Stored entries:
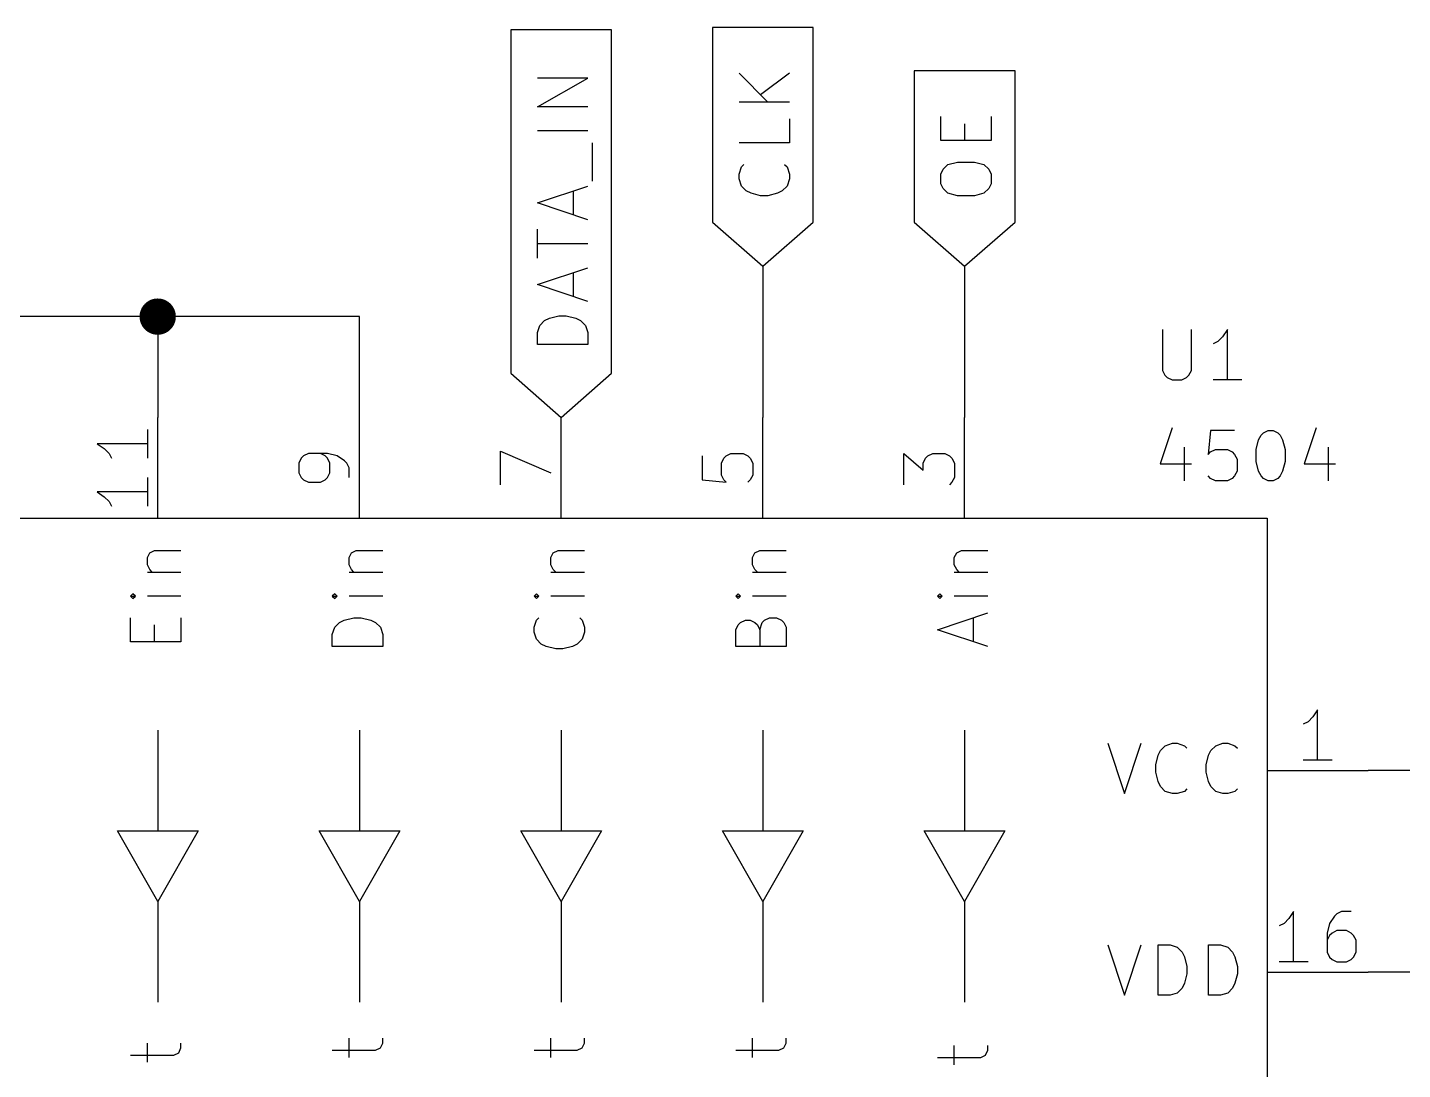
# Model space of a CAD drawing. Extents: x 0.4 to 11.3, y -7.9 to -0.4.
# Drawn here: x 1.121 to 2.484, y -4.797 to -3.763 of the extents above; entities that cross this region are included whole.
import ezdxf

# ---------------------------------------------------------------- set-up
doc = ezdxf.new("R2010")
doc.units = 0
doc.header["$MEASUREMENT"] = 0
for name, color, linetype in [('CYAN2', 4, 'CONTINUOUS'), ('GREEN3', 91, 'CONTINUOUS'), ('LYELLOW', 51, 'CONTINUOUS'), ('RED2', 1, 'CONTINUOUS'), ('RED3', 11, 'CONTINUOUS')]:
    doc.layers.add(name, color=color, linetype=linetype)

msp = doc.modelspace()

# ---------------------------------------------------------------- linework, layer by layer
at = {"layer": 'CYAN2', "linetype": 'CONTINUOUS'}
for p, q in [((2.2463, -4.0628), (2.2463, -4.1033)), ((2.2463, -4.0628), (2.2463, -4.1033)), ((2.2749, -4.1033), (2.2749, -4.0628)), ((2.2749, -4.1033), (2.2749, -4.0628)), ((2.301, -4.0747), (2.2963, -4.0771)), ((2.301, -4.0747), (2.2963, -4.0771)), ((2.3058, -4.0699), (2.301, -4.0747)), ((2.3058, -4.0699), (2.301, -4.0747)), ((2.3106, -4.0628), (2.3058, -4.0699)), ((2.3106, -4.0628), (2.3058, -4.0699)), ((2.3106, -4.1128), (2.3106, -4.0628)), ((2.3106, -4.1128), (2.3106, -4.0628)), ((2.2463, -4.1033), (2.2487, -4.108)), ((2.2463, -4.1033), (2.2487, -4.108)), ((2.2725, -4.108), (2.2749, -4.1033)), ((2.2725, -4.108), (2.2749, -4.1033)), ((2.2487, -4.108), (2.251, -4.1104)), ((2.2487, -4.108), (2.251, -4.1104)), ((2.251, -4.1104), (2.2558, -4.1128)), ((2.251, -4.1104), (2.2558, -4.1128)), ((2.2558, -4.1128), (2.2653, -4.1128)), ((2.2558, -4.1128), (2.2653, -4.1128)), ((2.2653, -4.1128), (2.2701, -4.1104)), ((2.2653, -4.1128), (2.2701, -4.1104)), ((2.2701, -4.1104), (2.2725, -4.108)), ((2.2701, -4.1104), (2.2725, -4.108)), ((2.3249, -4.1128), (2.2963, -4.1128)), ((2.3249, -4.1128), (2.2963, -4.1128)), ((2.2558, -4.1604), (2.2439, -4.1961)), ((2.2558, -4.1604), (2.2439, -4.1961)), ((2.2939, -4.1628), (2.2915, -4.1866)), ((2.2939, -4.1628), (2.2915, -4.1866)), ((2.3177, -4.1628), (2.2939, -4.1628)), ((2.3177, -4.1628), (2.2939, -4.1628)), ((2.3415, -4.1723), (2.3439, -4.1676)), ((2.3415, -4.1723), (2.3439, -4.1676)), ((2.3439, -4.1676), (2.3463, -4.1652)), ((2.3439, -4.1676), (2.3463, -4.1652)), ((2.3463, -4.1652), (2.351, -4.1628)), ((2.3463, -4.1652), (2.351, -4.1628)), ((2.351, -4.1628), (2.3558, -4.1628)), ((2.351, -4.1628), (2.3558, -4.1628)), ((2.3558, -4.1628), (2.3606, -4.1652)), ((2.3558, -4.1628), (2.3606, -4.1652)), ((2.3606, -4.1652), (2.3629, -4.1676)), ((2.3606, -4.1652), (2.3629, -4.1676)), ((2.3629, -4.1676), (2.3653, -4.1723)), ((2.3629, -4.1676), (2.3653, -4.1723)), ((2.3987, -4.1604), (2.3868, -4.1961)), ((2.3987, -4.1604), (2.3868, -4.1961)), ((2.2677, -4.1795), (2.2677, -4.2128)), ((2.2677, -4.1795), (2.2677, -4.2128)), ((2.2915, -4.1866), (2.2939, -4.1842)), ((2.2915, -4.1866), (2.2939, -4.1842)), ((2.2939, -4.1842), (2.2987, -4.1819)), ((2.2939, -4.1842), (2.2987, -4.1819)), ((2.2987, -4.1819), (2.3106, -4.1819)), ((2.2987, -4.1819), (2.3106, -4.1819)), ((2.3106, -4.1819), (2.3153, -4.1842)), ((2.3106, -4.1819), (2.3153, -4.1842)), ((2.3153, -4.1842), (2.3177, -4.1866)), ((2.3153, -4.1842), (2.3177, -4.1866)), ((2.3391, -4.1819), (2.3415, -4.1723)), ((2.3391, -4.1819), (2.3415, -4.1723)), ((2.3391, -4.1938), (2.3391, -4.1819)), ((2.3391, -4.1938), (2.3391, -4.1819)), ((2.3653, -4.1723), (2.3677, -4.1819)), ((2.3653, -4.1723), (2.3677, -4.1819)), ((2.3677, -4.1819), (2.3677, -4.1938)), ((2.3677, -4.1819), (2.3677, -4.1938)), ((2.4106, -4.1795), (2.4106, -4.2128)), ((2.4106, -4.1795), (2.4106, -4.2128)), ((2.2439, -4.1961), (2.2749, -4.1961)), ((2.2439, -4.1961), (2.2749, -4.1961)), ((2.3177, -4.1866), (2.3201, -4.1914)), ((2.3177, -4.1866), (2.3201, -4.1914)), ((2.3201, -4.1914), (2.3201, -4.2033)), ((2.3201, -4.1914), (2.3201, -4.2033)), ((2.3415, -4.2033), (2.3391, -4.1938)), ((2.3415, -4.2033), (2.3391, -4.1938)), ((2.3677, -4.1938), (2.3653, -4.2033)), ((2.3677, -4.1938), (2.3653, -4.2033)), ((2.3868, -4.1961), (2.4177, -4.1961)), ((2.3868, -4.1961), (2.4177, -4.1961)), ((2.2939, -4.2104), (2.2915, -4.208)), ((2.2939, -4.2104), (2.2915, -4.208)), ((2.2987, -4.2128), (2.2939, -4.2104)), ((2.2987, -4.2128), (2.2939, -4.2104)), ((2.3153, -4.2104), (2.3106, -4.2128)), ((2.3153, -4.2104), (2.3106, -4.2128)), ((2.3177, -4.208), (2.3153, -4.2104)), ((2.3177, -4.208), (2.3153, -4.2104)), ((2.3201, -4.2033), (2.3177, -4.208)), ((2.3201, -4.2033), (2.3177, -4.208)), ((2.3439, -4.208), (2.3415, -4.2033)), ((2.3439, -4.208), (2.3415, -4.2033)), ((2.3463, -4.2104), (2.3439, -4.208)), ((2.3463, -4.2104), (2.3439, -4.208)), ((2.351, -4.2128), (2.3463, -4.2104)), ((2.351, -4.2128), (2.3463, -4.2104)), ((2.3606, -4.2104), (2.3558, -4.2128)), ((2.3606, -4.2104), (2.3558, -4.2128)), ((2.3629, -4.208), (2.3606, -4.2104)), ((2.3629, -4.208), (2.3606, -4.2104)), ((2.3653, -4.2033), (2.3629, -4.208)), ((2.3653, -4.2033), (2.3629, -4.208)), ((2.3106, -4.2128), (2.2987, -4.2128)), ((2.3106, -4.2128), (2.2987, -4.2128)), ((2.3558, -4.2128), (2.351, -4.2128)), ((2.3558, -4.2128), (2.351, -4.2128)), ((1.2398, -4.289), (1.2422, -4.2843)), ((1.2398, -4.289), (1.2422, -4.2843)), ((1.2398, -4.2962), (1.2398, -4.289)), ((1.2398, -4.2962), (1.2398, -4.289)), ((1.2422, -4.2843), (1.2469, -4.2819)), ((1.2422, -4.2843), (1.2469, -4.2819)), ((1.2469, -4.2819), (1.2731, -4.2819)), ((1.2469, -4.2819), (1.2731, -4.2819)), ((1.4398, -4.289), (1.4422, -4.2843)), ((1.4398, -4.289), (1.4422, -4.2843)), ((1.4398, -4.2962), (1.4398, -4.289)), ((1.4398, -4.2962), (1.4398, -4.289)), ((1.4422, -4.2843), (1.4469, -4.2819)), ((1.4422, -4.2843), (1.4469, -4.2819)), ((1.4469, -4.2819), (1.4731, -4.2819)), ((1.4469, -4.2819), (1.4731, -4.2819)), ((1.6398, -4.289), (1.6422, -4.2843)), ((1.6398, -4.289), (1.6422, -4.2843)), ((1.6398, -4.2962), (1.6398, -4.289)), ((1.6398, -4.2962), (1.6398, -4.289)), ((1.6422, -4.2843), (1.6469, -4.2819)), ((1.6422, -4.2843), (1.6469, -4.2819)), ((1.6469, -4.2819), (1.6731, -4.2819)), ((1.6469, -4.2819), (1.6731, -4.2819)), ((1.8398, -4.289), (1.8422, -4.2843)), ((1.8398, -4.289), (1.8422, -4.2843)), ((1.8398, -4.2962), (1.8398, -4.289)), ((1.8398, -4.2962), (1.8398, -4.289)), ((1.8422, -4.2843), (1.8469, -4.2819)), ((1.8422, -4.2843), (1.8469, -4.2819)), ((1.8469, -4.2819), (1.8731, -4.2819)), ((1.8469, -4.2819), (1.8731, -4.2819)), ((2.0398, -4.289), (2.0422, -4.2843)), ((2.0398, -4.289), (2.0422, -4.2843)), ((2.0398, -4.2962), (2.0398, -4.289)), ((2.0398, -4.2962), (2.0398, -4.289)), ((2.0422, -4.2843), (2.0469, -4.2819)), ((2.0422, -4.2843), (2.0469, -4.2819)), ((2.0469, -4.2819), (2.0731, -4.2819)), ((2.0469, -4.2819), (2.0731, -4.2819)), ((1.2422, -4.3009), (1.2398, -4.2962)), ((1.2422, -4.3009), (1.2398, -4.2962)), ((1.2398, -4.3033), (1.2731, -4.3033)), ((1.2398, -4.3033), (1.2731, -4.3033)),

**Your task:**
Show all lines from the data above in which the word "CONTINUOUS" appears.

**Reply:**
for name, color, linetype in [('CYAN2', 4, 'CONTINUOUS'), ('GREEN3', 91, 'CONTINUOUS'), ('LYELLOW', 51, 'CONTINUOUS'), ('RED2', 1, 'CONTINUOUS'), ('RED3', 11, 'CONTINUOUS')]:
at = {"layer": 'CYAN2', "linetype": 'CONTINUOUS'}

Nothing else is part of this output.